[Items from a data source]
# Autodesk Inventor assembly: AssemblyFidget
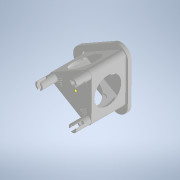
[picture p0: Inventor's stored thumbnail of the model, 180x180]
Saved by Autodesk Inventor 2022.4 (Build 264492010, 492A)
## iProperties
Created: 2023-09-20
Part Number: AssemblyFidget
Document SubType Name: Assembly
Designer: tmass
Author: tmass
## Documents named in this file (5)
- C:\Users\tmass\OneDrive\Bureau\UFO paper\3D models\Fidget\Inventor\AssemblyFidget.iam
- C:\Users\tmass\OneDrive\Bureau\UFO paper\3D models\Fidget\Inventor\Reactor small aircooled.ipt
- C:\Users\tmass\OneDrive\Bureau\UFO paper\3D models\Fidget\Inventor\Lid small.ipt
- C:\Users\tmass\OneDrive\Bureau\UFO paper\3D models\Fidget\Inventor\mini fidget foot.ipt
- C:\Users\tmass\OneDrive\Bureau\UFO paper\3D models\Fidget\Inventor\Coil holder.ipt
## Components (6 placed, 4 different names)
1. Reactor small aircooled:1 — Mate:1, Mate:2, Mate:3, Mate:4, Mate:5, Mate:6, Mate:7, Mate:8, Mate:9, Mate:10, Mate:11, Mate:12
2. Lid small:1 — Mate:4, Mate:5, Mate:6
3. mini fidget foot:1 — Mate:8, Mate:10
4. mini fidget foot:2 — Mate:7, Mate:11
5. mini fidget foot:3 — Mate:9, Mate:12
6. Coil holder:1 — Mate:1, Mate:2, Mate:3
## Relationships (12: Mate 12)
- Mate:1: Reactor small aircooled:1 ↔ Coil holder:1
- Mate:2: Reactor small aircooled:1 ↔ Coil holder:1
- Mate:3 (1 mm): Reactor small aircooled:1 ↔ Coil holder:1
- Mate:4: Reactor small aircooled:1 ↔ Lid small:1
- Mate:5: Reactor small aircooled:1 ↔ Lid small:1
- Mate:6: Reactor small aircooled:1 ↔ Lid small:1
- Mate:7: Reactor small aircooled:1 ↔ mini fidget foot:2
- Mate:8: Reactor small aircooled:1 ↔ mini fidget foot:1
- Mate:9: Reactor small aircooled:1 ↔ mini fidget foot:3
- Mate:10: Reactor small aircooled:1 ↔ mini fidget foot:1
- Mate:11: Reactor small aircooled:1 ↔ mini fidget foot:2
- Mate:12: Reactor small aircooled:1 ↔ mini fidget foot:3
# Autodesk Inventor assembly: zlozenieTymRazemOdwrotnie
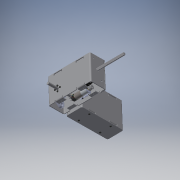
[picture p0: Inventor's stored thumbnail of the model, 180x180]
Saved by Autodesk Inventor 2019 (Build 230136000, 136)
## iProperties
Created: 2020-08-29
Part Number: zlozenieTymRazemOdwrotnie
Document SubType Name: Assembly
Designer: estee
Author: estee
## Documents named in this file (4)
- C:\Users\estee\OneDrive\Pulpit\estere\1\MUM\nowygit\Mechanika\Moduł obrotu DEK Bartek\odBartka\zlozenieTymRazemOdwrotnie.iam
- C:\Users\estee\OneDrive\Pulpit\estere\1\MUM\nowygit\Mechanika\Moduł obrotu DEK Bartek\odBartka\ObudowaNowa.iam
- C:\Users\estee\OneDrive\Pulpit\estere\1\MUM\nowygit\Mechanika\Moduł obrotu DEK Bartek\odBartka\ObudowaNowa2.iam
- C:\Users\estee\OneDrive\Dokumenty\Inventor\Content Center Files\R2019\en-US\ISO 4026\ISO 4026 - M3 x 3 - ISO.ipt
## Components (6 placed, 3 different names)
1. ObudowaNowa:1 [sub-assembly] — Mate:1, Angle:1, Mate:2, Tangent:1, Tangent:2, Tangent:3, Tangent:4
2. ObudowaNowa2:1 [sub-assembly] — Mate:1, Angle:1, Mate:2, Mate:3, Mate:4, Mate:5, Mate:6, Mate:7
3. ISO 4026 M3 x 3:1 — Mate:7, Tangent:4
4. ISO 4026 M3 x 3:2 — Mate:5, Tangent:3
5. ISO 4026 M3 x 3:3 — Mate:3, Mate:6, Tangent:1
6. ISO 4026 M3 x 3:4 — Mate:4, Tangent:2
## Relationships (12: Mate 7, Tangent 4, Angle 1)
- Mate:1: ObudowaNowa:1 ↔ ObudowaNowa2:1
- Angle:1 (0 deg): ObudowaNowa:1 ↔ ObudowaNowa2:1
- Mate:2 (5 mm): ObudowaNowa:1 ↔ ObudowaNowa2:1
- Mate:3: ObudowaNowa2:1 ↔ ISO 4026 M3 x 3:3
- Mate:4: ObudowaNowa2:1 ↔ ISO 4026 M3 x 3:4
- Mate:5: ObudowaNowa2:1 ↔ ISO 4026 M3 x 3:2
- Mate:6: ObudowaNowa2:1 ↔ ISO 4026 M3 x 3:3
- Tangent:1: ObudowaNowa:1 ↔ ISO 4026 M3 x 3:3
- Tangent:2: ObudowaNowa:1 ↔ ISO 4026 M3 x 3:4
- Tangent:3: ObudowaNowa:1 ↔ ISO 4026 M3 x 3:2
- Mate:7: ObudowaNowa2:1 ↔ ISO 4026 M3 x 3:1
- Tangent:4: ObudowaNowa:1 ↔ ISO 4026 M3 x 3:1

▶ Task to carry out:
From the line containing "obrotu DEK Bartek\odBartka\ObudowaNowa2.iam" down to the last line of the data above, copy every line exactly; leave out all other lines.

▶ Response below:
- C:\Users\estee\OneDrive\Pulpit\estere\1\MUM\nowygit\Mechanika\Moduł obrotu DEK Bartek\odBartka\ObudowaNowa2.iam
- C:\Users\estee\OneDrive\Dokumenty\Inventor\Content Center Files\R2019\en-US\ISO 4026\ISO 4026 - M3 x 3 - ISO.ipt
## Components (6 placed, 3 different names)
1. ObudowaNowa:1 [sub-assembly] — Mate:1, Angle:1, Mate:2, Tangent:1, Tangent:2, Tangent:3, Tangent:4
2. ObudowaNowa2:1 [sub-assembly] — Mate:1, Angle:1, Mate:2, Mate:3, Mate:4, Mate:5, Mate:6, Mate:7
3. ISO 4026 M3 x 3:1 — Mate:7, Tangent:4
4. ISO 4026 M3 x 3:2 — Mate:5, Tangent:3
5. ISO 4026 M3 x 3:3 — Mate:3, Mate:6, Tangent:1
6. ISO 4026 M3 x 3:4 — Mate:4, Tangent:2
## Relationships (12: Mate 7, Tangent 4, Angle 1)
- Mate:1: ObudowaNowa:1 ↔ ObudowaNowa2:1
- Angle:1 (0 deg): ObudowaNowa:1 ↔ ObudowaNowa2:1
- Mate:2 (5 mm): ObudowaNowa:1 ↔ ObudowaNowa2:1
- Mate:3: ObudowaNowa2:1 ↔ ISO 4026 M3 x 3:3
- Mate:4: ObudowaNowa2:1 ↔ ISO 4026 M3 x 3:4
- Mate:5: ObudowaNowa2:1 ↔ ISO 4026 M3 x 3:2
- Mate:6: ObudowaNowa2:1 ↔ ISO 4026 M3 x 3:3
- Tangent:1: ObudowaNowa:1 ↔ ISO 4026 M3 x 3:3
- Tangent:2: ObudowaNowa:1 ↔ ISO 4026 M3 x 3:4
- Tangent:3: ObudowaNowa:1 ↔ ISO 4026 M3 x 3:2
- Mate:7: ObudowaNowa2:1 ↔ ISO 4026 M3 x 3:1
- Tangent:4: ObudowaNowa:1 ↔ ISO 4026 M3 x 3:1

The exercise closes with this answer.